III. Spiritual Surroundings . As the renovation of the material world, and of the corporeal and incorporeal parts of man's nature, will alter all the conditions of what we should call from our present standpoint man's existence and work In The World, so also it will alter those of his existence In The Church, since among the revelations of that future life which were made to St. John there was a special one of a "New Jerusalem coming down from God, out of heaven, prepared as a bride adorned for her husband" ( Revelation 21:2). We are all familiar with the glorious things which are spoken of this city of our God. In wrought with our habitual devotions as they dwell on the future are such words as

"With jasper glow thy bulwarks,

Thy streets with emeralds blaze;

The sardius and the topaz

Unite in thee their rays."

But we are probably disposed to dwell on these glorious pictures of the holy city without a sufficient recognition of the fact that they represent a development and new creation of the religious life, and especially of that part of it which is associated with divine worship. For this renovation of the religious life and of divine worship is also the glorious climax of our Lord's incarnation; and therefore the coming down of the New Jerusalem from God is followed by "a great voice out of heaven," which recalls to our mind the fact that our Lord's incarnation was a tabernacling of the Deity in the humanity. "I heard a great voice out of heaven saying, Behold, the tabernacle of God is with men, and he will dwell with them, and they shall be his people, and God himself shall be with them, and be their God" ( Revelation 21:3). That same presence of God, therefore, which has been at once the great power of the religious life and the great object of divine worship in the Church militant, will be the same in the Church triumphant. As God is now with his people in worship, the virtue of which is derived from the incarnation, so will he be with them in a direct presence, the power of which will be to them a perpetual light and an inexhaustible life; and as now God is in his holy temple, and thither we gather that before his altar we may bow down in adoration of his mystical presence, so then, when there shall be no temple in the holy city "for the Lord God Almighty and the Lamb are the temple of it" ( Revelation 21:22) the glorious and visible presence of him that sitteth on the throne will be that before which the elders will cast down their crowns, and the vast multitude of the redeemed sing forth their hallelujahs.

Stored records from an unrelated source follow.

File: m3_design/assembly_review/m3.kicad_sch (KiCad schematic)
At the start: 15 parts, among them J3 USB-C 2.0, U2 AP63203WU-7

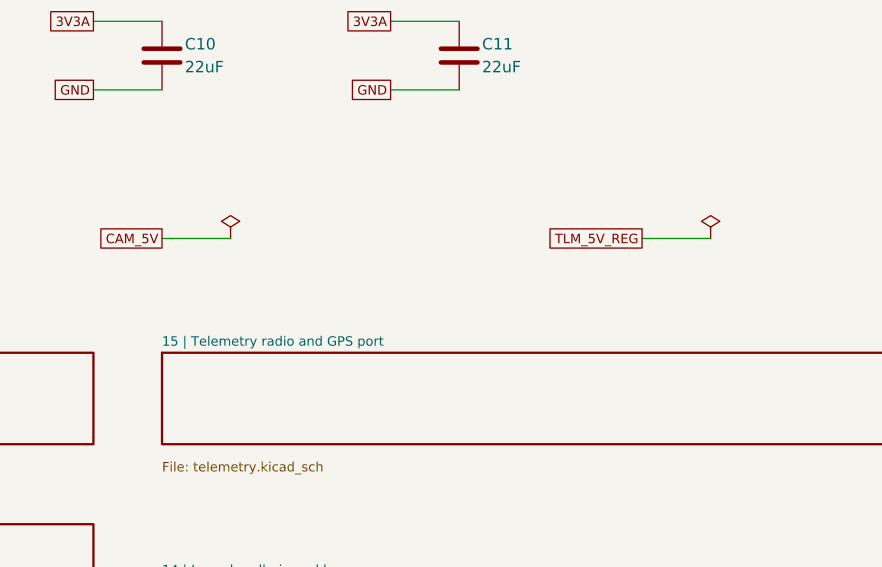
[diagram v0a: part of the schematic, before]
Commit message: M3-ASSY-R7: on-board GNSS and LoRa radio, clean-routing gate, owner-accepted deviations
R7 replaces R6's external radio/GPS harness ports with an on-board u-blox
MAX-F10S (U30, MAX-M10S drop-in) and EBYTE E22-900MM22S SX1262 radio (U31)
in an RF strip at the aft end, each with an edge-launch SMA jack (J30 GNSS,
J31 RADIO), RF ESD, an antenna-bias current limiter and DNP tuning pads.
The board grows to 46 x 118 mm (R6 copper translated +18 mm).

- Schematic, parts and footprints: r7_sch.py, r7_parts.py
- Reproducible board build from the SHA-checked R6 board: r7_build.sh
  (r7_pcb, r7_route, r7_redraw, r7_rework, r7_hygiene, r7_polish, r7_post)
- Gate: check_r7.py (RF contract), route_check.py (clean routing, M2)
  in tools/check.sh; fit_check, cost and procurement updated for R7
- Eight independent review passes with skeptic verification; pass 8 on
  this board found 0 Critical / 0 Major
- Owner accepted the deviation list on 2026-10-18 (R7_VALIDATION), with
  the 7.7 A servo-feed copper rise accepted as estimated

Board SHA-256 c872a3d30509cccf5f78b64cde48ef722ee85c7be23c4848b07ce4082a852de3.
tools/check.sh: DRC 0, unconnected 0, parity 0, ERC 0; audit, silk,
R7 contract, routing hygiene (0 failing), actuator contract and fit OK.
Before ordering: consign U4 and get JLC's forward-rail confirmation.

Co-Authored-By: Claude Opus 5.5 <noreply@anthropic.com>
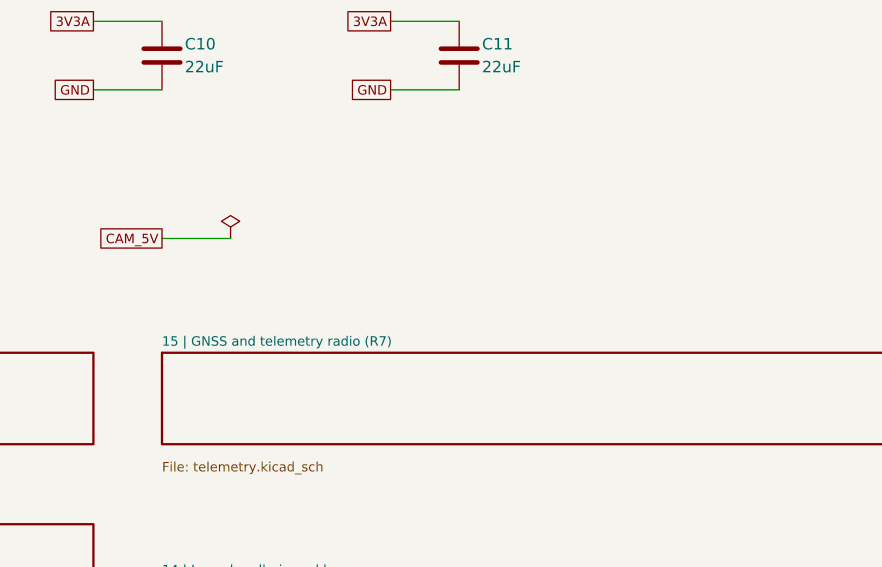
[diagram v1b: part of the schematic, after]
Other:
- sheet 15 | Telemetry radio and GPS port renamed 15 | GNSS and telemetry radio (R7)
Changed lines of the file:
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@@
 		(title "01 | USB input and regulated supplies")
 		(date "2026-09-07")
-		(rev "M3-ASSY-R6")
+		(rev "M3-ASSY-R7")
 		(company "Single-board M3 candidate; full system incomplete"))
 	(text "01 | USB input and regulated supplies"
@@
 			(justify right))
 )
-	(symbol
-		(lib_id "M3:PWR_FLAG")
-		(at 355.6 218.44 0)
-		(unit 1)
-		(in_bom no)
-		(on_board no)
-		(dnp no)
-		(property "Reference" "#FLG07"
-			(at 355.6 210.82 0)
-			(hide yes)
-			(effects
-				(font
-					(size 1.27 1.27))))
-		(property "Value" "PWR_FLAG"
-			(at 355.6 214.63 0)
-			(hide yes)
-			(effects
-				(font
-					(size 1.27 1.27))))
-		(property "Footprint" ""
-			(at 355.6 218.44 0)
-			(hide yes)
-			(effects
-				(font
-					(size 1.27 1.27))))
-		(property "Datasheet" ""
-			(at 355.6 218.44 0)
-			(hide yes)
-			(effects
-				(font
-					(size 1.27 1.27))))
-		(property "LCSC" ""
-			(at 355.6 218.44 0)
-			(hide yes)
-			(effects
-				(font
-					(size 1.27 1.27))))
-		(instances
-			(project "m3"
-				(path "/6007a7db-6a58-5660-8beb-956dea045ff8"
-					(reference "#FLG07")
-					(unit 1)))))
-	(wire
-		(pts
-			(xy 355.6 218.44)
-			(xy 347.98 218.44))
-		(stroke
-			(width 0)
-			(type default))
-)
-	(global_label "TLM_5V_REG"
-		(shape passive)
-		(at 347.98 218.44 0)
-		(effects
-			(font
-				(size 1.05 1.05))
-			(justify right))
-)
 	(sheet
 		(at 20.32 231.14)
@@
 		(fill
 			(color 0 0 0 0))
-		(property "Sheetname" "15 | Telemetry radio and GPS port"
+		(property "Sheetname" "15 | GNSS and telemetry radio (R7)"
 			(at 294.64 229.87 0)
 			(effects

Thus the Church militant will develop into the Church triumphant; Christ's first and his second advent will prove to be two stages in the mighty work of new creation. The former things that are to pass away-a degenerate world, a fallen man, an imperfect religious life, a halting worship-all these having derived what good there has been in them from the first stage of the new creation, that good will still remain, even though their distinctive characteristics of evil, weakness, and imperfection will have been burned out and annihilated. But God is pleased that there should be a degenerate world, and a fallen man, and an imperfect religions life, and a halting worship no longer, and therefore the second stage of the mighty work of the incarnation will be attained in the complete fulfillment of the words, "Behold, I make all things new."